(SUPPLIED ENTRIES Opens)

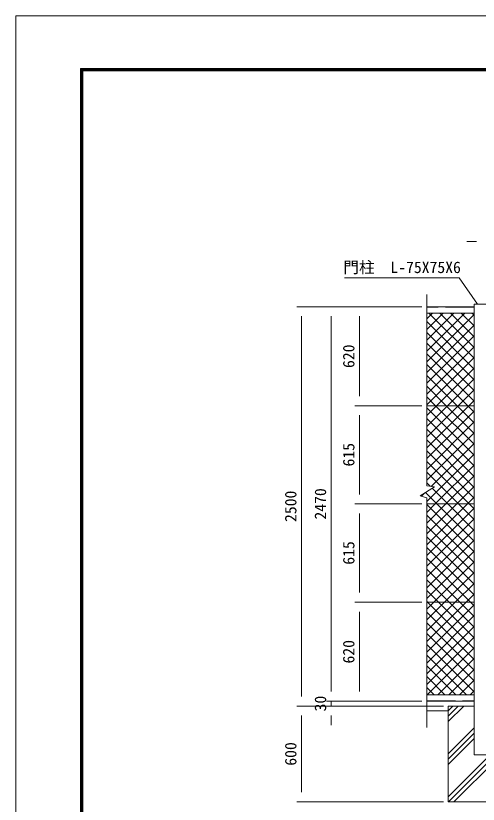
# Model space of a CAD drawing. Units: millimetres, scale not verified. Extents: x -6300 to 6300, y -4455 to 4455.
# Drawn here: x -6300 to -3402, y -482 to 4455 of the extents above; entities that cross this region are included whole.
import ezdxf
from ezdxf.enums import TextEntityAlignment as Align

# ---------------------------------------------------------------- set-up
doc = ezdxf.new("R2010")
doc.units = ezdxf.units.MM
doc.header["$LTSCALE"] = 30
doc.linetypes.add('DASHED', pattern=[7.5, 6, -1.5])
for name, color, linetype, lineweight in [('0-0_D-TTL', 7, 'Continuous', 9), ('0-1_D-STR3', 3, 'Continuous', 13), ('0-2_D-STR-DIM', 7, 'Continuous', 9), ('0-4_D-STR1', 1, 'Continuous', 18), ('0-5_D-STR4', 7, 'Continuous', 9), ('0-7_D-DCR-HCH', 7, 'Continuous', 9)]:
    doc.layers.add(name, color=color, linetype=linetype, lineweight=lineweight)
doc.styles.add('ＭＳ ゴシック', font='')
doc.styles.get('ＭＳ ゴシック').set_extended_font_data('MS Gothic')

msp = doc.modelspace()

# ---------------------------------------------------------------- linework, layer by layer
at = {"layer": '0-0_D-TTL', "color": 2, "lineweight": 18}
msp.add_lwpolyline([(-6300, 4455), (6300, 4455), (6300, -4455), (-6300, -4455)], close=True, dxfattribs=at)
at = {"layer": '0-0_D-TTL'}
for points in [[(-5895, 4125), (5895, 4125), (5895, -4125), (-5895, -4125)], [(-5891.25, 4121.25), (5891.25, 4121.25), (5891.25, -4121.25), (-5891.25, -4121.25)], [(-5887.5, 4117.5), (5887.5, 4117.5), (5887.5, -4117.5), (-5887.5, -4117.5)], [(-5883.75, 4113.75), (5883.75, 4113.75), (5883.75, -4113.75), (-5883.75, -4113.75)], [(-5880, 4110), (5880, 4110), (5880, -4110), (-5880, -4110)]]:
    msp.add_lwpolyline(points, close=True, dxfattribs=at)
at = {"layer": '0-1_D-STR3'}
for p, q in [((-3724.75, 2557.89), (-3689.23, 2593.41)), ((-3724.75, 2490.54), (-3621.88, 2593.41)), ((-3724.75, 2423.18), (-3554.52, 2593.41)), ((-3724.75, 2355.83), (-3487.17, 2593.41)), ((-3724.75, 2288.48), (-3428.08, 2585.15)), ((-3428.08, 2310.71), (-3710.77, 2593.41)), ((-3428.08, 2378.06), (-3643.42, 2593.41)), ((-3428.08, 2445.41), (-3576.07, 2593.41)), ((-3428.08, 2512.77), (-3508.72, 2593.41)), ((-3428.08, 2580.12), (-3441.37, 2593.41)), ((-3428.08, 2243.36), (-3724.75, 2540.03)), ((-3724.75, 2221.13), (-3428.08, 2517.8)), ((-3428.08, 2176.01), (-3724.75, 2472.68)), ((-3724.75, 2153.78), (-3428.08, 2450.45)), ((-3428.08, 2108.65), (-3724.75, 2405.33)), ((-3724.75, 2086.43), (-3428.08, 2383.1)), ((-3428.08, 2041.3), (-3724.75, 2337.98)), ((-3724.75, 2019.07), (-3428.08, 2315.75)), ((-3663.06, 2013.41), (-3428.08, 2248.39)), ((-3534.89, 2013.41), (-3724.75, 2203.27)), ((-3595.71, 2013.41), (-3428.08, 2181.04)), ((-3602.24, 2013.41), (-3724.75, 2135.92)), ((-3528.36, 2013.41), (-3428.08, 2113.69)), ((-3669.59, 2013.41), (-3724.75, 2068.57)), ((-3461.01, 2013.41), (-3428.08, 2046.34)), ((-3724.75, 1951.72), (-3663.06, 2013.41)), ((-3724.75, 1884.37), (-3595.71, 2013.41)), ((-3724.75, 1817.02), (-3528.36, 2013.41)), ((-3724.75, 1749.67), (-3461.01, 2013.41)), ((-3724.75, 2013.41), (-3428.08, 2013.41)), ((-3428.08, 1704.54), (-3724.75, 2001.22)), ((-3724.75, 1682.31), (-3428.08, 1978.99)), ((-3428.08, 1771.9), (-3669.59, 2013.41)), ((-3428.08, 1839.25), (-3602.24, 2013.41)), ((-3428.08, 1906.6), (-3534.89, 2013.41)), ((-3428.08, 1637.19), (-3724.75, 1933.86)), ((-3724.75, 1614.96), (-3428.08, 1911.63)), ((-3428.08, 1569.84), (-3724.75, 1866.51)), ((-3724.75, 1547.61), (-3428.08, 1844.28)), ((-3428.08, 1502.49), (-3724.75, 1799.16)), ((-3428.08, 1435.14), (-3724.75, 1731.81)), ((-3696.77, 1508.24), (-3428.08, 1776.93)), ((-3724.75, 1412.91), (-3428.08, 1709.58)), ((-3671.89, 1398.41), (-3428.08, 1642.23)), ((-3604.54, 1398.41), (-3428.08, 1574.87)), ((-3704.28, 1509.28), (-3724.75, 1529.75)), ((-3537.19, 1398.41), (-3428.08, 1507.52)), ((-3757.8, 1447.2), (-3736.23, 1468.78)), ((-3724.75, 1345.55), (-3671.89, 1398.41)), ((-3724.75, 1278.2), (-3604.54, 1398.41)), ((-3724.75, 1210.85), (-3537.19, 1398.41)), ((-3724.75, 1398.41), (-3428.08, 1398.41)), ((-3428.08, 1098.38), (-3724.75, 1395.05)), ((-3724.75, 1076.15), (-3428.08, 1372.82)), ((-3428.08, 1031.02), (-3724.75, 1327.7)), ((-3724.75, 1008.79), (-3428.08, 1305.47)), ((-3428.08, 963.67), (-3724.75, 1260.34)), ((-3724.75, 941.44), (-3428.08, 1238.11)), ((-3428.08, 896.32), (-3724.75, 1192.99)), ((-3724.75, 874.09), (-3428.08, 1170.76)), ((-3428.08, 828.97), (-3724.75, 1125.64)), ((-3724.75, 806.74), (-3428.08, 1103.41)), ((-3449.87, 783.41), (-3724.75, 1058.29)), ((-3517.22, 783.41), (-3724.75, 990.94)), ((-3680.73, 783.41), (-3428.08, 1036.06)), ((-3613.37, 783.41), (-3428.08, 968.71)), ((-3584.57, 783.41), (-3724.75, 923.58)), ((-3546.02, 783.41), (-3428.08, 901.35)), ((-3651.92, 783.41), (-3724.75, 856.23)), ((-3719.28, 783.41), (-3724.75, 788.88)), ((-3724.75, 739.39), (-3680.73, 783.41)), ((-3724.75, 672.03), (-3613.37, 783.41)), ((-3724.75, 604.68), (-3546.02, 783.41)), ((-3724.75, 783.41), (-3428.08, 783.41)), ((-3724.75, 469.98), (-3428.08, 766.65)), ((-3428.08, 492.21), (-3719.28, 783.41)), ((-3428.08, 559.56), (-3651.92, 783.41)), ((-3428.08, 626.91), (-3584.57, 783.41)), ((-3428.08, 694.26), (-3517.22, 783.41)), ((-3428.08, 761.62), (-3449.87, 783.41)), ((-3428.08, 424.86), (-3724.75, 721.53)), ((-3724.75, 402.63), (-3428.08, 699.3)), ((-3428.08, 357.51), (-3724.75, 654.18)), ((-3724.75, 335.28), (-3428.08, 631.95)), ((-3428.08, 290.15), (-3724.75, 586.83)), ((-3724.75, 267.92), (-3428.08, 564.6)), ((-3428.08, 222.8), (-3724.75, 519.47)), ((-3721.91, 203.41), (-3428.08, 497.24)), ((-3476.04, 203.41), (-3724.75, 452.12)), ((-3654.56, 203.41), (-3428.08, 429.89)), ((-3543.39, 203.41), (-3724.75, 384.77)), ((-3587.21, 203.41), (-3428.08, 362.54)), ((-3610.74, 203.41), (-3724.75, 317.42)), ((-3678.09, 203.41), (-3724.75, 250.07)), ((-3519.86, 203.41), (-3428.08, 295.19)), ((-3452.5, 203.41), (-3428.08, 227.84))]:
    msp.add_line(p, q, dxfattribs=at)
for points in [[(-3428.08, 1973.95), (-3467.53, 2013.41), (-3724.75, 2270.62)], [(-3428.08, 1367.78), (-3458.7, 1398.41), (-3724.75, 1664.46)], [(-3428.08, 1300.43), (-3526.05, 1398.41), (-3724.75, 1597.1)], [(-3428.08, 1233.08), (-3593.41, 1398.41), (-3691.52, 1496.52)], [(-3428.08, 1165.73), (-3660.76, 1398.41), (-3733.08, 1470.73)], [(-3724.75, 1143.5), (-3469.84, 1398.41), (-3428.08, 1440.17)], [(-3724.75, 537.33), (-3478.67, 783.41), (-3428.08, 834)]]:
    msp.add_lwpolyline(points, dxfattribs=at)
at = {"layer": '0-2_D-STR-DIM'}
for p, q in [((-3413.08, 3042.26), (-3473.08, 3042.26)), ((-3724.75, 1512.13), (-3724.75, 2708.88)), ((-3754.75, 2633.41), (-4539.72, 2633.41)), ((-3754.75, 2633.41), (-4353.47, 2633.41)), ((-3754.75, 2633.41), (-4176.22, 2633.41)), ((-4509.72, 193.41), (-4509.72, 2573.41)), ((-4323.47, 2573.41), (-4323.47, 223.41)), ((-4146.22, 2573.41), (-4146.22, 2073.41)), ((-3754.75, 2013.41), (-4176.22, 2013.41)), ((-3754.75, 2013.41), (-4176.22, 2013.41)), ((-4146.22, 1953.41), (-4146.22, 1458.41)), ((-3766.84, 1449.78), (-3677.06, 1505.49)), ((-3724.75, 1512.13), (-3677.06, 1505.49)), ((-3724.75, 1437.78), (-3766.84, 1449.78)), ((-3724.75, -0.38), (-3724.75, 1437.78)), ((-3754.75, 1398.41), (-4176.22, 1398.41)), ((-3754.75, 1398.41), (-4176.22, 1398.41)), ((-4146.22, 1338.41), (-4146.22, 843.41)), ((-3754.75, 783.41), (-4176.22, 783.41)), ((-3754.75, 783.41), (-4176.22, 783.41)), ((-4146.22, 723.41), (-4146.22, 223.41)), ((-4323.47, 223.41), (-4323.47, 283.41)), ((-3754.75, 163.41), (-4353.47, 163.41)), ((-3754.75, 163.41), (-4353.47, 163.41)), ((-4323.47, 163.41), (-4323.47, 133.41)), ((-3754.75, 163.41), (-4176.22, 163.41)), ((-3620.58, 133.41), (-4539.72, 133.41)), ((-3620.58, 133.41), (-4539.72, 133.41)), ((-3620.58, 133.41), (-4353.47, 133.41)), ((-4509.72, -406.59), (-4509.72, 73.41)), ((-4323.47, 73.41), (-4323.47, 13.41)), ((-3620.58, -466.59), (-4539.72, -466.59))]:
    msp.add_line(p, q, dxfattribs=at)
msp.add_lwpolyline([(-4240.47, 2814.38), (-3521.45, 2814.38), (-3407.66, 2650.05)], dxfattribs=at)
at = {"layer": '0-4_D-STR1'}
for p, q in [((-3428.08, 2633.41), (-3724.75, 2633.41)), ((-3428.08, 2648.41), (-3428.08, -171.59)), ((-3428.08, 2648.41), (-3353.08, 2648.41)), ((-3428.08, 2593.41), (-3724.75, 2593.41)), ((-3724.75, 203.41), (-3428.08, 203.41)), ((-3724.75, 163.41), (-3428.08, 163.41)), ((-3353.08, -171.59), (-3428.08, -171.59))]:
    msp.add_line(p, q, dxfattribs=at)
at = {"layer": '0-4_D-STR1', "linetype": 'DASHED'}
for p, q in [((-3428.08, 2630.41), (-3724.75, 2630.41)), ((-3724.75, 166.41), (-3428.08, 166.41))]:
    msp.add_line(p, q, dxfattribs=at)
at = {"layer": '0-5_D-STR4'}
for p, q in [((-3724.75, 103.41), (-3590.58, 103.41)), ((-3590.58, 133.41), (-3590.58, -466.59)), ((-3428.08, 133.41), (-3590.58, 133.41)), ((-3190.58, -466.59), (-3590.58, -466.59))]:
    msp.add_line(p, q, dxfattribs=at)
at = {"layer": '0-7_D-DCR-HCH'}
for p, q in [((-3590.58, 36.28), (-3493.45, 133.41)), ((-3590.58, 69.96), (-3527.13, 133.41)), ((-3590.58, 103.64), (-3560.8, 133.41)), ((-3590.58, -165.77), (-3428.08, -3.27)), ((-3590.58, -435.18), (-3190.58, -35.18)), ((-3590.58, -199.45), (-3428.08, -36.95)), ((-3590.58, -233.12), (-3428.08, -70.62)), ((-3588.31, -466.59), (-3190.58, -68.86)), ((-3554.64, -466.59), (-3190.58, -102.53))]:
    msp.add_line(p, q, dxfattribs=at)

# ---------------------------------------------------------------- texts
at = {"layer": '0-2_D-STR-DIM', "style": 'ＭＳ ゴシック'}
msp.add_text('門柱\u3000L-75X75X6', height=72.14, dxfattribs=at).set_placement((-4247.85, 2822.47), align=Align.BOTTOM_LEFT)
for s, p in [('620', (-4156.35, 2249.53)), ('615', (-4156.35, 1633.01)), ('2470', (-4333.59, 1300.53)), ('2500', (-4519.85, 1285.53)), ('615', (-4156.35, 1018.01)), ('620', (-4156.35, 399.53)), ('30', (-4333.59, 99.47)), ('600', (-4519.85, -240.47))]:
    msp.add_text(s, height=72.14, rotation=90, dxfattribs=at).set_placement(p, align=Align.BOTTOM_LEFT)

doc.saveas('drawing.dxf')
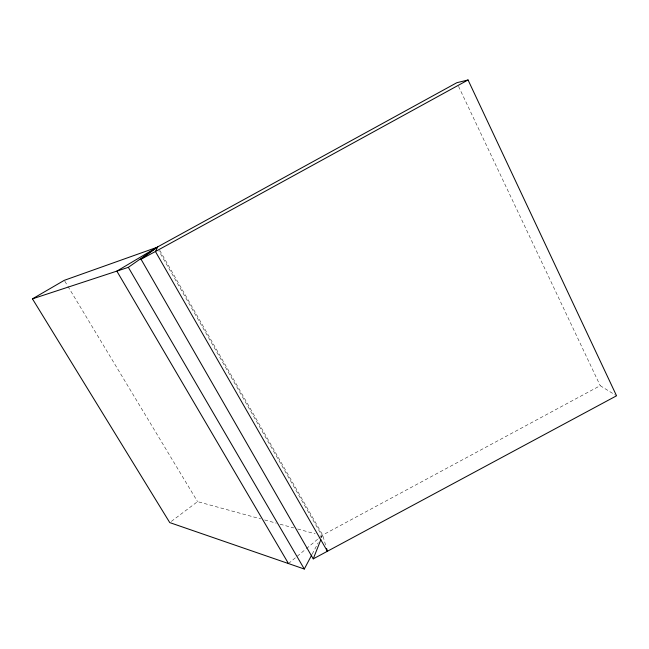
<?xml version="1.0" encoding="UTF-8"?>
<svg xmlns="http://www.w3.org/2000/svg" width="649" height="649" viewBox="0 0 649 649"><rect width="100%" height="100%" fill="white"/><g stroke="black" fill="none" stroke-linecap="round" stroke-linejoin="round"><path stroke-width="0.49" stroke-dasharray="3.25 2.43" d="M321.596 537.794L322.683 535.044L600.22 385.676L615.69 395.257M312.193 554.092L318.229 542.678M321.02 537.404L321.945 535.644L158.867 250.887M288.481 563.567L305.606 549.281M306.385 548.632L318.059 538.897M318.837 538.248L321.945 535.644L320.006 535.117M171.352 521.398L197.556 501.628L260.728 518.9M264.614 519.963L276.271 523.159M280.157 524.222L293.762 527.937M297.656 529L315.146 533.786M64.811 281.195L67.423 285.536M67.942 286.404L197.556 501.628M159.743 250.376L322.683 535.044L325.733 545.541M458.543 86.382L600.22 385.676"/><path stroke-width="0.97" d="M313.232 558.878L616.55 395.793L468.051 79.973L456.807 82.723L157.731 246.855L141.036 259.235L313.232 558.878L320.866 539.627M157.731 246.855L155.427 251.512L140.289 259.632M32.45 298.848L128.34 267.339L156.855 247.374L64.283 280.327L32.45 298.848L169.762 522.599L304.3 569.027L311.731 554.976M156.855 247.374L116.852 271.12L288.481 563.567M468.051 79.973L155.427 251.512L327.396 551.269L326.569 548.405M128.34 267.339L304.3 569.027"/></g></svg>
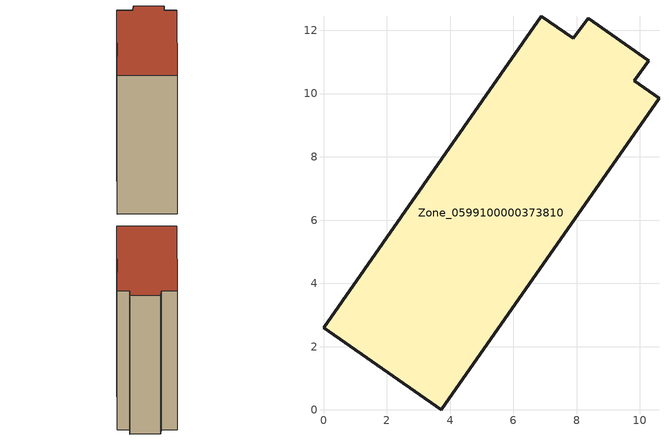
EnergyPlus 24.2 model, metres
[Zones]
Zone_0599100000373810
 floor ground (C_G): 7.9,11.74 8.36,12.38 10.28,11.03 9.82,10.4 10.6,9.85 3.71,0 0,2.6 6.89,12.45 z3.32
 wall outside (C_F): 3.71,0 10.6,9.85 9.82,10.4 10.28,11.03 8.36,12.38 7.9,11.74 6.89,12.45 0,2.6 3.71,0 z3.32:14.73
 roof outside (C_R): 8.36,12.38 7.9,11.74 6.89,12.45 0,2.6 3.71,0 10.6,9.85 9.82,10.4 10.28,11.03 z14.73
[BUILDING]
Pand.0599100000373810: North Axis=0; Terrain=City; Loads Convergence Tolerance Value=0.04; Temperature Convergence Tolerance Value=0.4; Solar Distribution=FullExterior; Maximum Number of Warmup Days=25; Minimum Number of Warmup Days=1
[Site:Location]
Rotterdam.The.Hague.AP_ZH_NLD Design_Conditions: Latitude=51.96; Longitude=4.45; Time Zone=1; Elevation=-4.5
[SITE:GROUNDTEMPERATURE:BUILDINGSURFACE]
18, 18, 18, 18, 18, 18, 18, 18, 18, 18, 18, 18
[MATERIAL] Thermal Absorptance=0.9; Solar Absorptance=0.7; Visible Absorptance=0.7
Name | Roughness | Thickness | Conductivity | Density | Specific Heat
G.TI.1992-2005 | MediumSmooth | 0.15 | 0.06 | 540 | 1210
F.TI.1992-2005 | Rough | 0.3 | 0.12 | 1920 | 840
R.TI.1992-2005 | MediumRough | 0.2 | 0.08 | 1500 | 1000
[CONSTRUCTION]
C_G: G.TI.1992-2005
C_F: F.TI.1992-2005
C_R: R.TI.1992-2005
[ZONE]
Zone_0599100000373810: Type=1; Multiplier=1; Ceiling Height=Autocalculate; Volume=Autocalculate; Floor Area=autocalculate; Part of Total Floor Area=Yes
[ZONEINFILTRATION:DESIGNFLOWRATE]
Infil_Zone_0599100000373810: Zone or ZoneList or Space or SpaceList=Zone_0599100000373810; Schedule=AlwaysOn; Design Flow Rate Calculation Method=Flow/Area; Flow Rate per Floor Area=0.0015; Constant Term Coefficient=1; Temperature Term Coefficient=0; Velocity Term Coefficient=0; Velocity Squared Term Coefficient=0
[HVACTEMPLATE:ZONE:IDEALLOADSAIRSYSTEM]
Zone_0599100000373810: Maximum Heating Supply Air Temperature=50; Minimum Cooling Supply Air Temperature=13; Maximum Heating Supply Air Humidity Ratio=0.0156; Minimum Cooling Supply Air Humidity Ratio=0.0077; Heating Limit=NoLimit; Cooling Limit=NoLimit; Dehumidification Control Type=ConstantSensibleHeatRatio; Cooling Sensible Heat Ratio=0.7; Dehumidification Setpoint=60; Humidification Control Type=None; Humidification Setpoint=30; Outdoor Air Method=None; Outdoor Air Flow Rate per Person=0.00944; Outdoor Air Flow Rate per Zone Floor Area=0; Outdoor Air Flow Rate per Zone=0; Demand Controlled Ventilation Type=None; Outdoor Air Economizer Type=NoEconomizer; Heat Recovery Type=None; Sensible Heat Recovery Effectiveness=0.7; Latent Heat Recovery Effectiveness=0.65
[ZONECONTROL:THERMOSTAT]
ThermostatControl_Zone_0599100000373810: Zone or ZoneList=Zone_0599100000373810; Control Type Schedule=DualSetpointControlType; Control 1=Thermostat_Zone_0599100000373810; Temperature Difference Between Cutout And Setpoint=0
[THERMOSTATSETPOINT:DUALSETPOINT]
Thermostat_Zone_0599100000373810: Heating Setpoint Temperature Schedule=HeatingSetpoint_Zone_0599100000373810; Cooling Setpoint Temperature Schedule=CoolingSetpoint_Zone_0599100000373810
[SCHEDULE:COMPACT]
HeatingSetpoint_Zone_0599100000373810: Through: 12/31, For: AllDays, Until: 24:00, 21
CoolingSetpoint_Zone_0599100000373810: Through: 12/31, For: AllDays, Until: 24:00, 24
DualSetpointControlType: Through: 12/31, For: AllDays, Until: 24:00, 4
AlwaysOn: Through: 12/31, For: AllDays, Until: 24:00, 1

(SUPPLIED ENTRIES Closes)

▸ YOUR TASK:
Starting at the first line of the records above, set down each line exactly through the one that holds "from ezdxf.enums import". Omit pictures.

▸ RESPONSE AREA:
# Model space of a CAD drawing. Units: millimetres, scale not verified. Extents: x -6300 to 6300, y -4455 to 4455.
# Drawn here: x -6300 to -3402, y -482 to 4455 of the extents above; entities that cross this region are included whole.
import ezdxf
from ezdxf.enums import TextEntityAlignment as Align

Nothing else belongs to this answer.